[[ Records shown open ]]

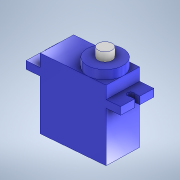
# Autodesk Inventor part: FS90R
Saved by Autodesk Inventor 2022 (Build 260153000, 153)
## iProperties
Created: 2024-05-30
Part Number: FS90R
Material: 一般
Document SubType Name: Modeling
Designer: yamashita1
Density: 1 g/cm^3
Appearance: 青 - 壁塗料 - 光沢
HEIGHT: 12.100 mm
WIDTH: 22.500 mm
DEPTH: 23.400 mm
TAB_DEPTH: -16.700 mm
TAB_THIN: 2.500 mm
Author: yamashita1
Autodesk Inventor part; units mm, degrees
ref_plane "YZ Plane" through (0, 0, 0) normal (1, 0, 0) x (0, 1, 0)
ref_plane "XZ Plane" through (0, 0, 0) normal (0, 1, 0) x (-1, 0, 0)
sketch "スケッチ1" plane through (0, 0, 0) normal (0, 0, 1) x (1, 0, 0)
  line L0 (-19, 8.4016) -> (-19, -8.0875) construction
  line L1 (0, -8.2446) -> (0, 8.2446) construction
  line L2 (8.7, 8.4016) -> (8.7, -8.0875) construction
  circle A0 centre (0, 0) radius 6.05
  line L3 (6.05, 6.05) -> (-16.45, 6.05)
  line L4 (-16.45, 6.05) -> (-16.45, -6.05)
  line L5 (-16.45, -6.05) -> (6.05, -6.05)
  line L6 (6.05, -6.05) -> (6.05, 6.05)
  point P0 (6.05, 0)
  dimension "HEIGHT" = 12.1
  dimension "d0" = 8.7
  dimension "d1" = 27.7
  dimension "WIDTH" = 22.5
  constraints: 14 end point, 3 horizontal, 2 coincident, 2 midpoint, 2 parallel, 1 horizontal alignment, 1 perpendicular, 1 vertical, 2 other
  measures "d0" distance between parallel lines of L2 L1
  measures "d1" distance between parallel lines of L0 L2
  measures "WIDTH" distance of L3.start L3.end
extrude "軸台" add sketch "スケッチ1" along normal blind 3 contours A0
extrude "本体" add sketch "スケッチ1" against normal blind 23.4
ref_plane "作業平面1" through (0, 0, -6.7) normal (0, 0, -1) x (-1, 0, 0)
sketch "スケッチ2" plane through (0, 0, -6.7) normal (0, 0, -1) x (-1, 0, 0)
  line L0 (-11, 6.05) -> (21.3, 6.05)
  line L1 (21.3, 6.05) -> (21.3, -6.05)
  line L2 (21.3, -6.05) -> (-11, -6.05)
  line L3 (-11, -6.05) -> (-11, 6.05)
  line L4 (-6.05, 6.05) -> (0, 6.05) projected
  line L5 (0, -6.05) -> (-6.05, -6.05) projected
  circle A0 centre (19, 0) radius 1.1
  circle A1 centre (-8.7, 0) radius 1.1
  line L6 (-8.7, 8.0806) -> (-8.7, -7.6301) construction
  line L7 (19, -7.6301) -> (19, 8.0806) construction
  line L8 (5.15, 8.0806) -> (5.15, -7.8882) construction
  line L9 (-11, 0.9) -> (-9.3325, 0.9)
  line L10 (-9.3325, 0.9) -> (-9.3325, -0.9)
  line L11 (-9.3325, -0.9) -> (-11, -0.9)
  line L12 (-11, -0.9) -> (-11, 0.9)
  line L13 (19.6325, 0.9) -> (21.3, 0.9)
  line L14 (21.3, 0.9) -> (21.3, -0.9)
  line L15 (21.3, -0.9) -> (19.6325, -0.9)
  line L16 (19.6325, -0.9) -> (19.6325, 0.9)
  point P0 (0, 0)
  point P1 (5.15, 6.05)
  point P2 (-11, 0)
  point P3 (21.3, 0)
  dimension "d10" = 2.2
  dimension "d9" = 32.3
  dimension "d11" = 8.7
  dimension "d12" = 27.7
  dimension "d13" = 1.8
  constraints: 30 end point, 7 parallel, 5 midpoint, 3 horizontal, 3 perpendicular, 3 point on line, 2 collinear, 2 horizontal alignment, 2 vertical, 7 other
  measures "d9" distance of L0.start L0.end
  measures "d11" distance from line of point (0, 0) L6
  measures "d12" distance between parallel lines of L7 L6
  measures "d13" distance of L9.end L10.end
extrude "タブ" add sketch "スケッチ2" against normal blind 2.5 contours L0 L1 L13 A0 L15 L2 L3 L11 A1 L9
sketch "スケッチ3" plane through (0, 0, 3) normal (0, 0, 1) x (1, 0, 0)
  circle A0 centre (0, 0) radius 2.43
  dimension "d16" = 4.86
  constraints: 1 centre point, 1 coincident
  measures "d16" diameter of A0
extrude "軸" add sketch "スケッチ3" along normal blind 3
equation "\"d11\" = d0"
equation "\"d12\" = d1"

[[ Records shown closed ]]

- Required action -
Print out the entries above word for word from the first line to the line containing "line L3 (6.05, 6.05) -> (-16.45, 6.05)", both included, omitting the pictures.

- Exercise response -
# Autodesk Inventor part: FS90R
Saved by Autodesk Inventor 2022 (Build 260153000, 153)
## iProperties
Created: 2024-05-30
Part Number: FS90R
Material: 一般
Document SubType Name: Modeling
Designer: yamashita1
Density: 1 g/cm^3
Appearance: 青 - 壁塗料 - 光沢
HEIGHT: 12.100 mm
WIDTH: 22.500 mm
DEPTH: 23.400 mm
TAB_DEPTH: -16.700 mm
TAB_THIN: 2.500 mm
Author: yamashita1
Autodesk Inventor part; units mm, degrees
ref_plane "YZ Plane" through (0, 0, 0) normal (1, 0, 0) x (0, 1, 0)
ref_plane "XZ Plane" through (0, 0, 0) normal (0, 1, 0) x (-1, 0, 0)
sketch "スケッチ1" plane through (0, 0, 0) normal (0, 0, 1) x (1, 0, 0)
  line L0 (-19, 8.4016) -> (-19, -8.0875) construction
  line L1 (0, -8.2446) -> (0, 8.2446) construction
  line L2 (8.7, 8.4016) -> (8.7, -8.0875) construction
  circle A0 centre (0, 0) radius 6.05
  line L3 (6.05, 6.05) -> (-16.45, 6.05)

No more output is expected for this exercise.